To assess real‑world rule utility, the researchers conducted a longitudinal measurement campaign. They selected a balanced sample of 10,000 websites, comprising the top 5,000 most popular sites and a tail sample of less‑visited domains. Every day for two months they fetched the latest EasyList version and loaded each site in an instrumented browser, recording which rules matched network requests. The results are striking: 90.16 % of all EasyList rules never matched any request across the entire dataset. On average, only about 2.3 rules per day were triggered per site, and newly added rules were significantly less likely to match than older, established rules. This demonstrates that the overwhelming majority of the list provides no benefit in typical browsing scenarios.

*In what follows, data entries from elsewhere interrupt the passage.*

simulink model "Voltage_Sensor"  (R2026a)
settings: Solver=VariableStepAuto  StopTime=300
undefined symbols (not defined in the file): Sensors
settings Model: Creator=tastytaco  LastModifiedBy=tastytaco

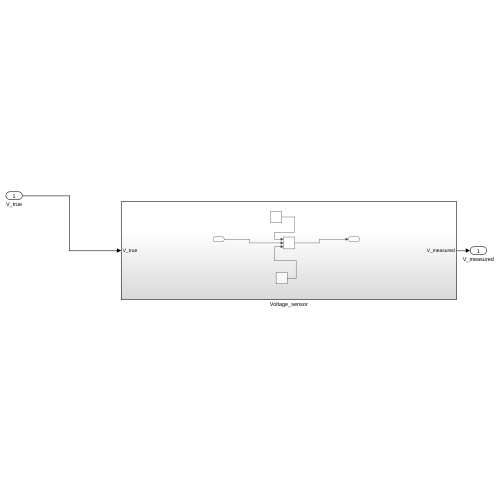
[thumbnail: Simulink's stored preview of the top-level diagram]
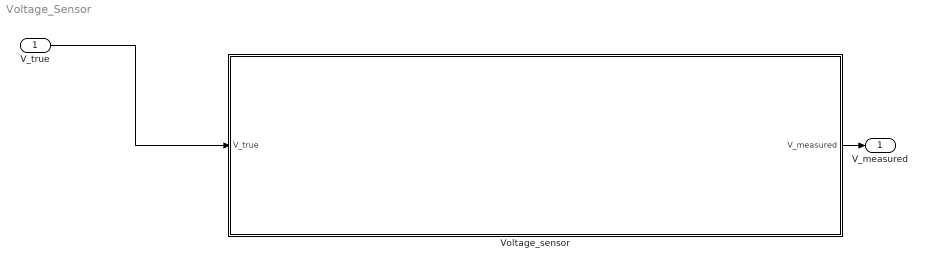
== system Voltage_Sensor ==
  V_true : Inport
  Voltage_sensor : Subsystem
  V_measured : Outport
  wires:
  Voltage_sensor/1(V_measured) -> V_measured/1
  V_true/1 -> Voltage_sensor/1(V_true)

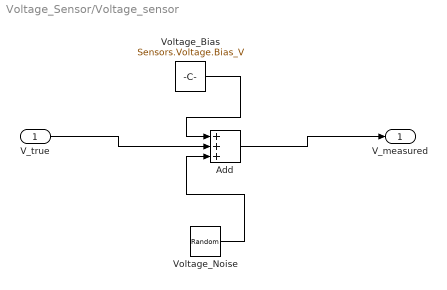
== system Voltage_Sensor/Voltage_sensor ==
  V_true : Inport
  Add : Sum  Inputs=+++
  Voltage_Bias : Constant  Value=Sensors.Voltage.Bias_V
  Voltage_Noise : RandomNumber  Mean=Sensors.Voltage.Noise_Mean_V  Variance=Sensors.Voltage.Noise_Variance_V2  Seed=12345  SampleTime=Sensors.Voltage.SampleTime
  V_measured : Outport
  wires:
  V_true/1 -> Add/2
  Voltage_Bias/1 -> Add/1
  Voltage_Noise/1 -> Add/3
  Add/1 -> V_measured/1

The authors further investigated how advertisers respond to new EasyList rules. By tracking URLs that changed after a rule’s introduction, they identified over 2,000 evasion events and categorized them into four primary strategies: (1) domain substitution (moving assets to a different domain), (2) sub‑domain shuffling, (3) query‑parameter randomization, and (4) dynamic script generation that constructs URLs at runtime. These tactics effectively bypass static filter patterns, forcing the list to grow as new signatures are added to counter the evasion.
Given the identified inefficiencies, the paper proposes two practical optimizations aimed at reducing the computational overhead of applying a massive filter list, especially on resource‑constrained mobile devices. The first, pre‑filtering, builds hash‑based indexes of rule patterns (e.g., host‑based buckets) so that most network requests can be rejected from detailed regex evaluation early. The second, core rule set extraction, retains only those rules that have matched at least once in the past 30 days, forming a lightweight subset that captures the vast majority of blocking coverage. The authors implemented these ideas in the popular uBlock Origin extension. Benchmarks show a 62.5 % reduction in average blocking latency on desktop browsers while preserving over 99 % of the original blocking coverage. On mobile platforms, memory consumption dropped by more than 40 % and battery drain was noticeably lower, confirming the practicality of the approach.
In conclusion, the study reveals that EasyList’s unchecked growth has resulted in a bloated rule base where more than nine‑tenths of rules are effectively dead. The concentration of maintenance among a few contributors, combined with aggressive advertiser evasion, exacerbates this problem. By quantifying rule lifetimes, match rates, and evasion patterns, the authors provide a data‑driven foundation for future list management practices, such as automated pruning of stale rules and adaptive, usage‑based rule selection. Their performance optimizations demonstrate that substantial speed gains are achievable without sacrificing privacy or security, offering a viable path forward for both desktop and mobile ad‑blocking ecosystems.